Directions = Find the string "Depth" in the records and copy each line where it occurs.

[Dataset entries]
┌────────

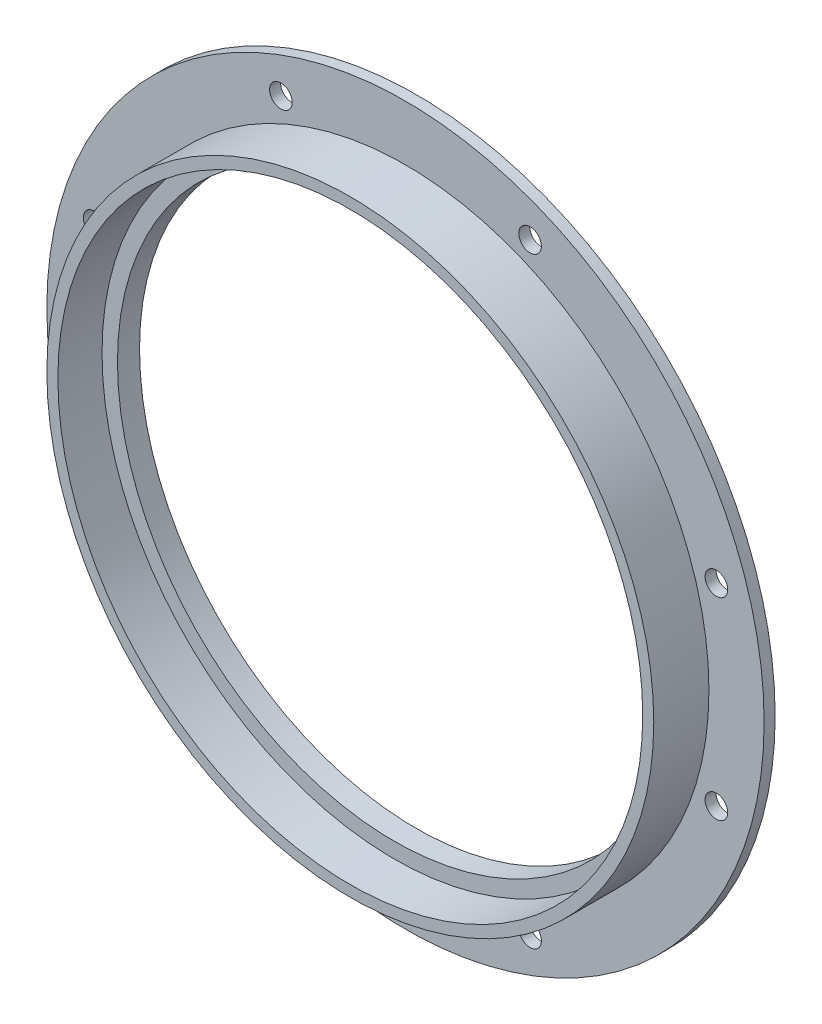
SolidWorks part; units mm, degrees
material "1060 合金"
ref_plane "前视基准面" through (0, 0, 0) normal (0, 0, 1) x (1, 0, 0)
ref_plane "上视基准面" through (0, 0, 0) normal (0, 1, 0) x (1, 0, 0)
ref_plane "右视基准面" through (0, 0, 0) normal (1, 0, 0) x (0, 0, -1)
other "Configuration Table"
sketch "草图1" plane through (0, 0, 0) normal (0, 0, 1) x (1, 0, 0)
  line L0 (0, 65) -> (0, 59) construction
  circle A0 centre (0, 0) radius 50.2
  circle A1 centre (0, 0) radius 59 construction
  circle A2 centre (0, 0) radius 53 construction
  circle A3 centre (0, 59) radius 0.5
  circle A4 centre (29.5, 51.0955) radius 0.5
  circle A5 centre (51.0955, 29.5) radius 0.5
  circle A6 centre (59, 0) radius 0.5
  circle A7 centre (51.0955, -29.5) radius 0.5
  circle A8 centre (29.5, -51.0955) radius 0.5
  circle A9 centre (0, -59) radius 0.5
  circle A10 centre (-29.5, -51.0955) radius 0.5
  circle A11 centre (0, 0) radius 45 construction
  circle A12 centre (0, 0) radius 65
  circle A13 centre (-51.0955, -29.5) radius 0.5
  circle A14 centre (-59, 0) radius 0.5
  circle A15 centre (-51.0955, 29.5) radius 0.5
  circle A16 centre (-29.5, 51.0955) radius 0.5
  point P24 (0, 0)
  dimension "D1" = 1
  dimension "D3" = 2.8
  dimension "D4" = 106
  dimension "D5" = 90
  dimension "D6" = 130
  dimension "D7" = 6
  dimension "D2" = 12
extrude "凸台-拉伸1" add sketch "草图1" along normal blind 10
sketch "草图2" plane through (0, 0, 0) normal (0, 0, -1) x (-1, 0, 0)
  circle A0 centre (0, 0) radius 53
  dimension "D1" = 106
extrude "切除-拉伸1" cut sketch "草图2" against normal offset from surface (8 mm away) 2 up to face at (-50.5955, 29.5, 10)
sketch "草图9" plane through (0, 0, 10) normal (0, 0, 1) x (1, 0, 0)
  circle A0 centre (0, 0) radius 55
  circle A1 centre (0, 0) radius 65 construction
  circle A2 centre (0, 0) radius 65
  dimension "D1" = 110
extrude "切除-拉伸2" cut sketch "草图9" against normal blind 8
sketch "草图11" plane through (0, 0, 2) normal (0, 0, 1) x (1, 0, 0)
  circle A0 centre (0, 0) radius 55
  circle A1 centre (0, 0) radius 55 construction
  circle A2 centre (0, 0) radius 65 construction
  circle A3 centre (0, 0) radius 65
extrude "切除-拉伸4" cut sketch "草图11" against normal mid plane 30
sketch "草图12" plane through (0, 0, 8) normal (0, 0, -1) x (-1, 0, 0)
  circle A1 centre (0, 0) radius 53
  circle A2 centre (0, 0) radius 53
  dimension "D1" = 0
extrude "切除-拉伸6" cut sketch "草图12" against normal mid plane 30
sketch "草图13" plane through (0, 0, 0) normal (0, 0, -1) x (-1, 0, 0)
  circle A0 centre (0, 0) radius 50.2
  circle A1 centre (0, 0) radius 53 construction
  circle A2 centre (0, 0) radius 55 construction
  circle A3 centre (0, 0) radius 55
  dimension "D1" = 2.8
extrude "凸台-拉伸2" add sketch "草图13" along normal mid plane 4
sketch "草图14" plane through (0, 0, -2) normal (0, 0, -1) x (-1, 0, 0)
  line L0 (0, 59) -> (0, 0) construction
  line L1 (0, 0) -> (22.5783, 54.5089) construction
  line L3 (-56.3449, -17.5) -> (56.3449, -17.5) construction
  line L4 (-56.3449, -17.5) -> (-56.3449, 17.5) construction
  line L5 (-56.3449, 17.5) -> (56.3449, 17.5) construction
  line L6 (56.3449, -17.5) -> (56.3449, 17.5) construction
  line L7 (-56.3449, -17.5) -> (56.3449, 17.5) construction
  line L8 (-56.3449, 17.5) -> (56.3449, -17.5) construction
  circle A0 centre (0, 0) radius 59 construction
  circle A1 centre (0, 0) radius 65
  circle A2 centre (22.5783, 54.5089) radius 2.05
  circle A5 centre (22.5783, -54.5089) radius 2.05
  circle A6 centre (-22.5783, -54.5089) radius 2.05
  circle A9 centre (-22.5783, 54.5089) radius 2.05
  circle A14 centre (0, 0) radius 50.2 construction
  circle A15 centre (0, 0) radius 50.2
  circle A16 centre (-54.5089, 22.5783) radius 2.05 [skipped]
  circle A17 centre (-54.5089, -22.5783) radius 2.05 [skipped]
  circle A18 centre (54.5089, 22.5783) radius 2.05 [skipped]
  circle A19 centre (54.5089, -22.5783) radius 2.05 [skipped]
  circle A20 centre (-56.3449, 17.5) radius 2.05
  circle A21 centre (-56.3449, -17.5) radius 2.05
  circle A22 centre (56.3449, 17.5) radius 2.05
  circle A23 centre (56.3449, -17.5) radius 2.05
  point P23 (0, 0)
  dimension "D1" = 118
  dimension "D2" = 130
  dimension "D3" = 8
  dimension "D4" = 4.1
  dimension "D6" = 35
  dimension "D5" = 22.5
extrude "凸台-拉伸3" add sketch "草图14" against normal blind 2
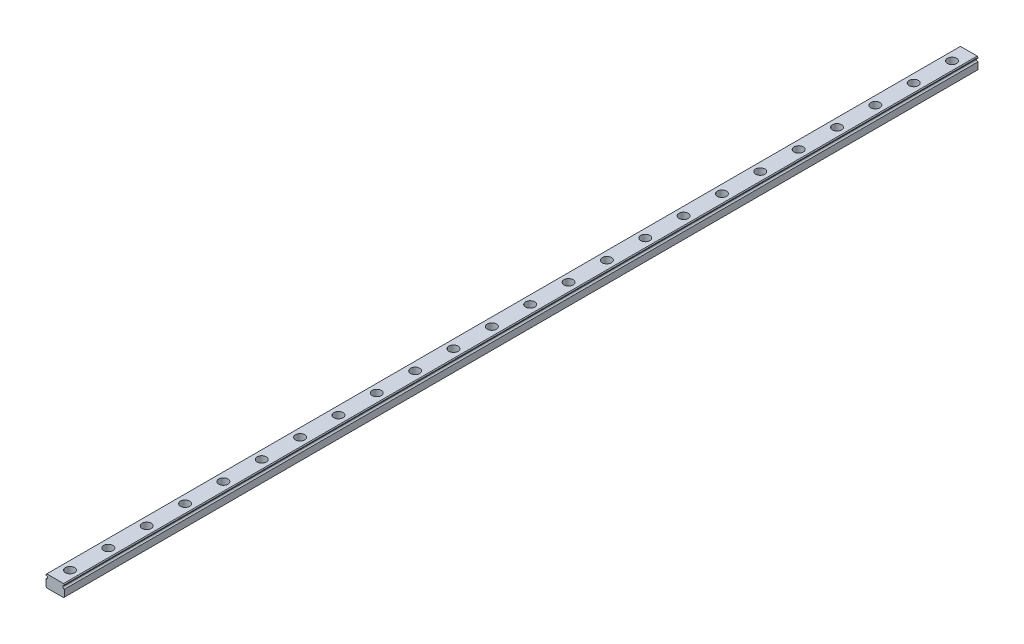
SolidWorks part; units mm, degrees
ref_plane "Front Plane" through (0, 0, 0) normal (0, 0, 1) x (1, 0, 0)
ref_plane "Top Plane" through (0, 0, 0) normal (0, 1, 0) x (1, 0, 0)
ref_plane "Right Plane" through (0, 0, 0) normal (1, 0, 0) x (0, 0, -1)
sketch "Sketch1" plane through (0, 0, 0) normal (0, 0, 1) x (1, 0, 0)
  line L0 (-5.5, 4) -> (-6, 3.5)
  line L1 (5.5, 4) -> (-5.5, 4)
  line L2 (6, 3.5) -> (6, -3.5)
  line L3 (5.5, -4) -> (-5.5, -4)
  line L4 (-6, 3.5) -> (-6, -3.5)
  line L5 (6, 4) -> (-6, -4) construction
  line L6 (6, -4) -> (-6, 4) construction
  line L7 (-5.5, -4) -> (-6, -3.5)
  line L8 (6, -3.5) -> (5.5, -4)
  line L9 (6, 3.5) -> (5.5, 4)
  line L10 (0, 0) -> (0, 7.4717)
  arc A0 (-6, 3) -> (-6, 1) centre (-6, 2) cw
  arc A1 (6, 3) -> (6, 1) centre (6, 2) ccw
  point P0 (0, 0)
  dimension "D4" = 1
  dimension "D1" = 12
  dimension "D2" = 8
  dimension "D3" = 2
extrude "Boss-Extrude1" add sketch "Sketch1" along normal blind 598
hole_wizard "CBORE for M5 Hex Head Bolt1" positions "Sketch2" profile "Sketch3" counterbore size "M5" standard "ANSI Metric" end condition through all
sketch "Sketch2" plane through (0, 4, 0) normal (0, 1, 0) x (1, 0, 0)
  line L0 (5.5, 0) -> (-5.5, 0) construction
  point P0 (0, -11)
  dimension "D1" = 11
sketch "Sketch3" plane through (0, 4, 11) normal (1, 0, 0) x (0, 0, 1)
  line L0 (0, 0) -> (0, 8)
  line L1 (0, 8) -> (1.75, 8)
  line L3 (1.75, 8) -> (1.75, 4.5)
  line L4 (1.75, 4.5) -> (3, 4.5)
  line L5 (3, 4.5) -> (3, 0)
  line L7 (3, 0) -> (0, 0)
  line L11 (0, -6.35) -> (0, 107.95) construction
  dimension "Thru Hole Dia." = 3.5
  dimension "Thru Hole Depth" = 8
  dimension "C'Bore Dia." = 6
  dimension "C'Bore Depth" = 4.5
pattern_linear "LPattern1" count 24 spacing 25.1 along (0, 0, 1) of "CBORE for M5 Hex Head Bolt1"
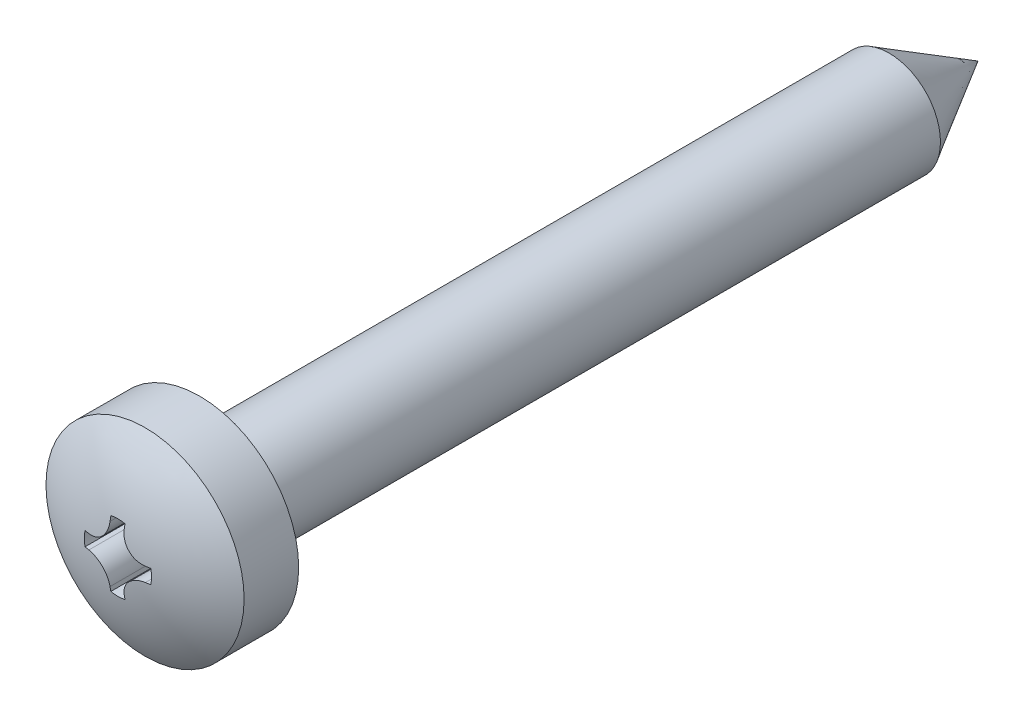
SolidWorks part; units mm, degrees
revolve "基体-旋转" add sketch "草图8" angle 360 about L0
sketch "草图8" plane through (0, 0, 0) normal (1, 0, 0) x (0, 0, -1)
  line L0 (-11.71, 0) -> (1.33, 0) construction
  line L1 (0, 0) -> (-24.4, 0)
  line L4 (-23.5425, 2.8) -> (-22, 2.8)
  line L5 (-22, 2.8) -> (-22, 1.45)
  line L6 (-22, 1.45) -> (-2.5115, 1.45)
  line L7 (-2.5115, 1.45) -> (0, 0)
  arc A0 (-24.4, 0) -> (-23.5425, 2.8) centre (-19.4, 0) cw
  dimension "D4" = 5
  dimension "D1" = 22
  dimension "D2" = 30
  dimension "D5" = 2.9
  dimension "D3" = 5.6
  dimension "D6" = 2.4
cosmetic thread "装饰螺纹线1" parameters "D1"=18.3, "D2"=2.5114
extrude "切除-拉伸2" cut sketch "草图7" against normal blind 1.2
sketch "草图7" plane through (0, 0, 24.4) normal (0, 0, 1) x (1, 0, 0)
  line L0 (-7.1, 0) -> (5.9, 0) construction
  line L1 (0, 7.5) -> (0, -7) construction
  line L2 (0.2, 0.9287) -> (0.2, 0.7975)
  line L3 (0, 0) -> (4.9858, 4.9858) construction
  line L4 (0.9287, 0.2) -> (0.7975, 0.2)
  line L5 (0.9287, -0.2) -> (0.7975, -0.2)
  line L6 (0.2, -0.9287) -> (0.2, -0.7975)
  line L7 (-0.2, -0.9287) -> (-0.2, -0.7975)
  line L8 (-0.9287, -0.2) -> (-0.7975, -0.2)
  line L9 (-0.9287, 0.2) -> (-0.7975, 0.2)
  line L10 (-0.2, 0.9287) -> (-0.2, 0.7975)
  line L11 (0, 0) -> (-4.9858, 4.9858) construction
  arc A0 (-0.2, 0.9287) -> (0.2, 0.9287) centre (0, 0) cw
  arc A1 (0.9287, -0.2) -> (0.9287, 0.2) centre (0, 0) ccw
  arc A2 (0.7975, 0.2) -> (0.2, 0.7975) centre (0.7975, 0.7975) cw
  arc A3 (-0.7975, 0.2) -> (-0.2, 0.7975) centre (-0.7975, 0.7975) ccw
  arc A4 (-0.2, -0.9287) -> (0.2, -0.9287) centre (0, 0) ccw
  arc A5 (0.7975, -0.2) -> (0.2, -0.7975) centre (0.7975, -0.7975) ccw
  arc A6 (-0.9287, -0.2) -> (-0.9287, 0.2) centre (0, 0) cw
  arc A7 (-0.7975, -0.2) -> (-0.2, -0.7975) centre (-0.7975, -0.7975) cw
  dimension "D10" = 0.95
  dimension "D1" = 0.5975
  dimension "D2" = 0.5975
material "冷镦钢"
ref_plane "前视" through (0, 0, 0) normal (0, 0, 1) x (1, 0, 0)
ref_plane "上视" through (0, 0, 0) normal (0, 1, 0) x (1, 0, 0)
ref_plane "右视" through (0, 0, 0) normal (1, 0, 0) x (0, 0, -1)
sketch "尺寸草图" plane through (0, 0, 0) normal (1, 0, 0) x (0, 0, -1)
  line L0 (-22, 5.6) -> (-22, 0)
  line L1 (-22, 0) -> (0, 0)
  line L2 (0, 0) -> (0, 2.9)
  point P4 (-19.6, 0)
  point P6 (0, 1.1)
  point P7 (-20.9, 0)
  point P8 (-22, 5.5)
  point P9 (-22, 0.6)
  point P10 (-1.9, 0)
  point P11 (-1.2, 0)
  point P12 (-21.52, 0)
  point P13 (-18.5, 0)
  point P14 (-19.4, 0)
  dimension "l" = 22
  dimension "E" = 5.6
  dimension "K" = 2.4
  dimension "d" = 2.9
  dimension "P" = 1.1
  dimension "A" = 1.1
  dimension "R" = 0.1
  dimension "Rf" = 5
  dimension "HM" = 1.9
  dimension "HH" = 1.2
  dimension "HE" = 0.48
  dimension "Da" = 3.5
  dimension "Yc" = 2.6
ref_plane "基准面6" through (0, 0, 24.4) normal (0, 0, 1) x (1, 0, 0)
sketch "草图9" plane through (0, 0, 0) normal (1, 0, 0) x (0, 0, -1)
  line L0 (-20.9, 1.45) -> (-19.8, 1.45)
  line L1 (-20.9, 1.45) -> (-20.4875, 0.9)
  line L2 (-20.2125, 0.9) -> (-20.4875, 0.9)
  line L3 (-20.2125, 0.9) -> (-19.8, 1.45)
  line L4 (-11.71, 0) -> (1.33, 0) construction
  line L5 (-22, -2.8) -> (-22, 2.8) construction
  line L6 (-6.912, 0) -> (-2.6011, 0) construction
  line L7 (-23.2, 0) -> (-24.3089, 0) construction
  dimension "D1" = 1.1
  dimension "D2" = 0.275
  dimension "D3" = 0.55
  dimension "D4" = 1.45
  dimension "D5" = 1.1
revolve "切除-旋转1" [suppressed] cut sketch "草图9" angle 360 about L6
pattern_linear "阵列(线性)1" [suppressed] count 15 spacing 1.375
fillet "圆角1" radius 0.1 1 edges at (1.45, 0, 22)
equation "\"D16@基准面6\" = \"l@尺寸草图\"+\"K@尺寸草图\""
equation "\"D1@草图8\" = \"l@尺寸草图\""
equation "\"D6@草图8\" = \"K@尺寸草图\""
equation "\"D5@草图8\" = \"d@尺寸草图\""
equation "\"D3@草图8\" = \"E@尺寸草图\""
equation "\"D4@草图8\" = \"Rf@尺寸草图\""
equation "\"D10@草图7\" = \"HM@尺寸草图\"/2"
equation "\"D1@切除-拉伸2\" = \"HH@尺寸草图\""
equation "\"D1@草图9\" = \"P@尺寸草图\""
equation "\"D2@草图9\" = \"D1@草图9\"/4"
equation "\"D3@草图9\" = \"D1@草图9\"/2"
equation "\"D4@草图9\" = \"d@尺寸草图\"/2"
equation "\"D5@草图9\" = \"A@尺寸草图\""
equation "\"D3@阵列(线性)1\" = \"A@尺寸草图\"*5/4"
equation "\"D1@阵列(线性)1\" = (\"l@尺寸草图\"-\"A@尺寸草图\")/\"D3@阵列(线性)1\""
equation "\"D2@装饰螺纹线1\" = \"d@尺寸草图\"*0.866"
equation "\"D1@装饰螺纹线1\" = \"l@尺寸草图\"-\"Yc@尺寸草图\"-\"A@尺寸草图\""
equation "\"D1@圆角1\" = \"R@尺寸草图\""

└────────

Exercise response =
  dimension "Thru Hole Depth" = 8
  dimension "C'Bore Depth" = 4.5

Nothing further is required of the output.